First, let me note that Moran gets the key climate issues absolutely right about the scientific consensus: 1) a disaster is looming, 2) we must make deep emissions reductions very quickly, and 3) we’re not even close to meeting those reductions:

But climate change is shaping up to be a global catastrophe. When you hear about threats to the food supply, think about starvation and war. When you hear about rising sea levels, think about millions of refugees fleeing Bangladesh. And when you think about severe weather, imagine Sandy on steroids, with higher sea levels. […]

The scientific consensus is that emissions must be cut 80 percent by the year 2050. To get there, the United States would have to eliminate all emissions from electricity, transportation, and industry.

“If you converted the entire electric system to renewables, and the entire transportation system to electric vehicles, you would just make it,” he says. “That gives you an idea of how far we are from achieving what we need to do.”

I’m not going to go into a lot of detail, but will quickly dismiss Moran’s key point he gets so wrong, a hangover from the old “gas as a bridge fuel” mythology, which he stated thusly:

I hate to be a Green Grinch, but this is one of the environmental movement’s blind spots. Cuomo’s decision is a disaster for the environment where it counts most – on climate change.

Fracking has created a boom in natural gas production, driving its price below that of coal. And when a power plant switches from coal to gas, its carbon emissions are cut in half. That is the key reason America’s carbon emissions have been dropping since 2006, despite the political stalemate.

Here’s the three main reasons, documented in many scientific studies, why Moran can’t see the climate forest for the emissions trees (and why music majors should tread lightly on science):

1. When a coal plant switches from coal to natural gas, its carbon emission are cut, but overall greenhouse gas emissions and global warming potential are not reduced by 50% and actually may increase.

Moran may not know this, but PSEG’s Mr. Izzo surely does: comparison of coal versus natural gas fuels and emission of carbon dioxide at individual power plants, is completely misleading and the wrong way to analyze the issue.

The issue is greenhouse gas emissions. Natural gas (methane) is a powerful greenhouse gas.

Recent studies have shown that when you consider the “lifecycle emissions” of fracked gas – from drilling the well, emissions from the well, leaks from the pipelines, fugitive emissions etc –  then natural gas may have even larger global warming impacts than coal. While there is no scientific consensus on exactly how significant lifecycle fracked gas emissions are, there is agreement that the 50% reduction number used by Izzo is not accurate or credible.

2. Methane is far more potent as a global warming gas than carbon dioxide, especially in the short run.

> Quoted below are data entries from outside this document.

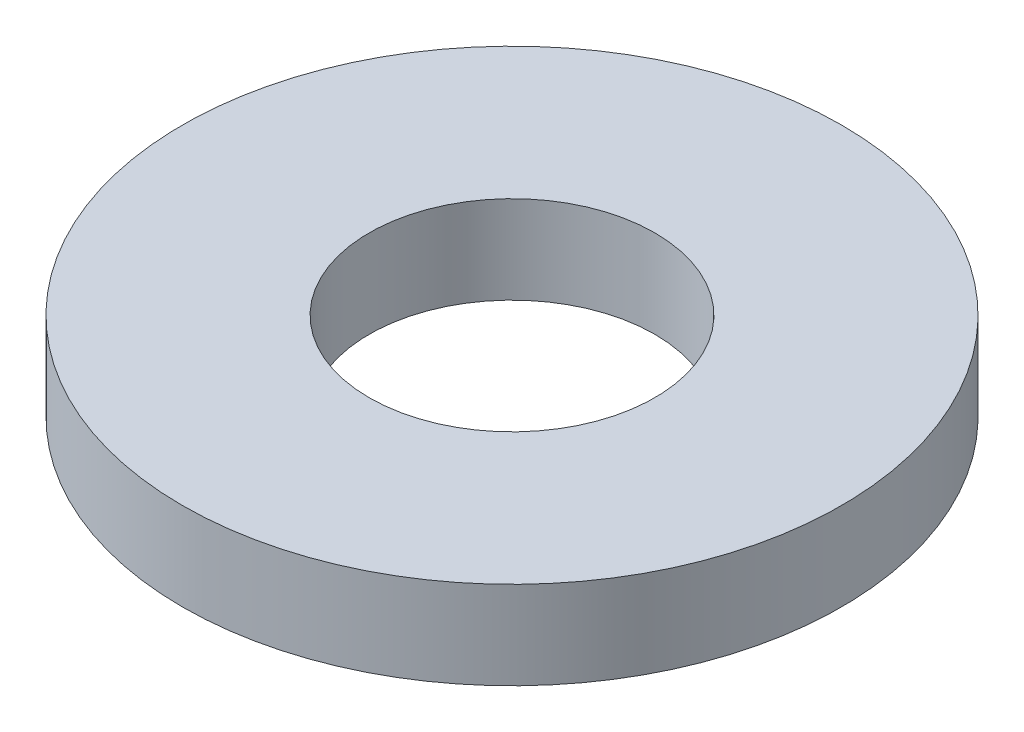
ISO-10303-21;
HEADER;
FILE_DESCRIPTION(('STEP AP214'),'2;1');
FILE_NAME('part.step','',(''),(''),'','','');
FILE_SCHEMA(('AUTOMOTIVE_DESIGN { 1 0 10303 214 1 1 1 1 }'));
ENDSEC;
DATA;
#1=APPLICATION_CONTEXT('core data for automotive mechanical design processes');
#2=APPLICATION_PROTOCOL_DEFINITION('international standard','automotive_design',2000,#1);
#3=PRODUCT_CONTEXT('',#1,'mechanical');
#4=PRODUCT('Part','Part','',(#3));
#5=PRODUCT_RELATED_PRODUCT_CATEGORY('part','',(#4));
#6=PRODUCT_DEFINITION_FORMATION('','',#4);
#7=PRODUCT_DEFINITION_CONTEXT('part definition',#1,'design');
#8=PRODUCT_DEFINITION('design','',#6,#7);
#9=PRODUCT_DEFINITION_SHAPE('','',#8);
#10=(LENGTH_UNIT() NAMED_UNIT(*) SI_UNIT(.MILLI.,.METRE.));
#11=(NAMED_UNIT(*) PLANE_ANGLE_UNIT() SI_UNIT($,.RADIAN.));
#12=(NAMED_UNIT(*) SI_UNIT($,.STERADIAN.) SOLID_ANGLE_UNIT());
#13=UNCERTAINTY_MEASURE_WITH_UNIT(LENGTH_MEASURE(1.E-05),#10,'distance_accuracy_value','');
#14=(GEOMETRIC_REPRESENTATION_CONTEXT(3) GLOBAL_UNCERTAINTY_ASSIGNED_CONTEXT((#13)) GLOBAL_UNIT_ASSIGNED_CONTEXT((#10,
#11,#12)) REPRESENTATION_CONTEXT('',''));
#15=CARTESIAN_POINT('',(0.,0.,0.));
#16=DIRECTION('',(0.,0.,1.));
#17=DIRECTION('',(1.,0.,0.));
#18=AXIS2_PLACEMENT_3D('',#15,#16,#17);
#19=CARTESIAN_POINT('',(0.,20.,0.));
#20=DIRECTION('',(0.,-1.,0.));
#21=DIRECTION('',(0.,0.,-1.));
#22=AXIS2_PLACEMENT_3D('',#19,#20,#21);
#23=CYLINDRICAL_SURFACE('',#22,75.);
#24=CARTESIAN_POINT('',(0.,20.,0.));
#25=DIRECTION('',(0.,1.,0.));
#26=DIRECTION('',(0.,0.,1.));
#27=AXIS2_PLACEMENT_3D('',#24,#25,#26);
#28=CIRCLE('',#27,75.);
#29=CARTESIAN_POINT('',(0.,20.,75.));
#30=VERTEX_POINT('',#29);
#31=EDGE_CURVE('E10',#30,#30,#28,.T.);
#32=ORIENTED_EDGE('',*,*,#31,.F.);
#33=EDGE_LOOP('',(#32));
#34=FACE_BOUND('',#33,.T.);
#35=CARTESIAN_POINT('',(0.,0.,0.));
#36=DIRECTION('',(0.,1.,0.));
#37=DIRECTION('',(0.,0.,1.));
#38=AXIS2_PLACEMENT_3D('',#35,#36,#37);
#39=CIRCLE('',#38,75.);
#40=CARTESIAN_POINT('',(0.,0.,75.));
#41=VERTEX_POINT('',#40);
#42=EDGE_CURVE('E37',#41,#41,#39,.T.);
#43=ORIENTED_EDGE('',*,*,#42,.T.);
#44=EDGE_LOOP('',(#43));
#45=FACE_BOUND('',#44,.T.);
#46=ADVANCED_FACE('F40',(#34,#45),#23,.T.);
#47=CARTESIAN_POINT('',(0.,20.,0.));
#48=DIRECTION('',(0.,1.,0.));
#49=DIRECTION('',(0.,0.,1.));
#50=AXIS2_PLACEMENT_3D('',#47,#48,#49);
#51=PLANE('',#50);
#52=CARTESIAN_POINT('',(0.,20.,0.));
#53=DIRECTION('',(0.,1.,0.));
#54=DIRECTION('',(0.,0.,1.));
#55=AXIS2_PLACEMENT_3D('',#52,#53,#54);
#56=CIRCLE('',#55,32.5);
#57=CARTESIAN_POINT('',(0.,20.,32.5));
#58=VERTEX_POINT('',#57);
#59=EDGE_CURVE('E50',#58,#58,#56,.T.);
#60=ORIENTED_EDGE('',*,*,#59,.F.);
#61=EDGE_LOOP('',(#60));
#62=FACE_BOUND('',#61,.T.);
#63=ORIENTED_EDGE('',*,*,#31,.T.);
#64=EDGE_LOOP('',(#63));
#65=FACE_BOUND('',#64,.T.);
#66=ADVANCED_FACE('F59',(#62,#65),#51,.T.);
#67=CARTESIAN_POINT('',(0.,0.,0.));
#68=DIRECTION('',(0.,1.,0.));
#69=DIRECTION('',(0.,0.,1.));
#70=AXIS2_PLACEMENT_3D('',#67,#68,#69);
#71=PLANE('',#70);
#72=CARTESIAN_POINT('',(0.,0.,0.));
#73=DIRECTION('',(0.,1.,0.));
#74=DIRECTION('',(0.,0.,1.));
#75=AXIS2_PLACEMENT_3D('',#72,#73,#74);
#76=CIRCLE('',#75,32.5);
#77=CARTESIAN_POINT('',(0.,0.,32.5));
#78=VERTEX_POINT('',#77);
#79=EDGE_CURVE('E47',#78,#78,#76,.T.);
#80=ORIENTED_EDGE('',*,*,#79,.T.);
#81=EDGE_LOOP('',(#80));
#82=FACE_BOUND('',#81,.T.);
#83=ORIENTED_EDGE('',*,*,#42,.F.);
#84=EDGE_LOOP('',(#83));
#85=FACE_BOUND('',#84,.T.);
#86=ADVANCED_FACE('F58',(#82,#85),#71,.F.);
#87=CARTESIAN_POINT('',(0.,20.,0.));
#88=DIRECTION('',(0.,-1.,0.));
#89=DIRECTION('',(0.,0.,-1.));
#90=AXIS2_PLACEMENT_3D('',#87,#88,#89);
#91=CYLINDRICAL_SURFACE('',#90,32.5);
#92=ORIENTED_EDGE('',*,*,#59,.T.);
#93=EDGE_LOOP('',(#92));
#94=FACE_BOUND('',#93,.T.);
#95=ORIENTED_EDGE('',*,*,#79,.F.);
#96=EDGE_LOOP('',(#95));
#97=FACE_BOUND('',#96,.T.);
#98=ADVANCED_FACE('F54',(#94,#97),#91,.F.);
#99=CLOSED_SHELL('',(#46,#66,#86,#98));
#100=MANIFOLD_SOLID_BREP('B2',#99);
#101=ADVANCED_BREP_SHAPE_REPRESENTATION('',(#18,#100),#14);
#102=SHAPE_DEFINITION_REPRESENTATION(#9,#101);
ENDSEC;
END-ISO-10303-21;

In addition to being a far more potent greenhouse gas than carbon dioxide, methane acts more quickly. Short run rapid warming could be catastrophic. The rate of warming is highly significant.

Scientists are saying we need to reduce emissions quickly to avoid critical tipping points that could trigger runaway irreversible climate change, therefore the rate of warming is significant.

So, even if the 50% reduction were true – which it is not – 50% less carbon dioxide emissions is not equivalent to a 50% reduction in greenhouse gas emissions or warming potential.

It’s the warming potential that matters, not the superficial numbers Moran regurgitates from Izzo.

3. The artificially low price of fracked gas delays transition to renewable energy sources

Before climate change was even an issue, clean air regulators unsuccessfully tried to encourage the electric power industry to shut down those old dirty coal plants and switch to “cleaner burning” natural gas. The utilities balked.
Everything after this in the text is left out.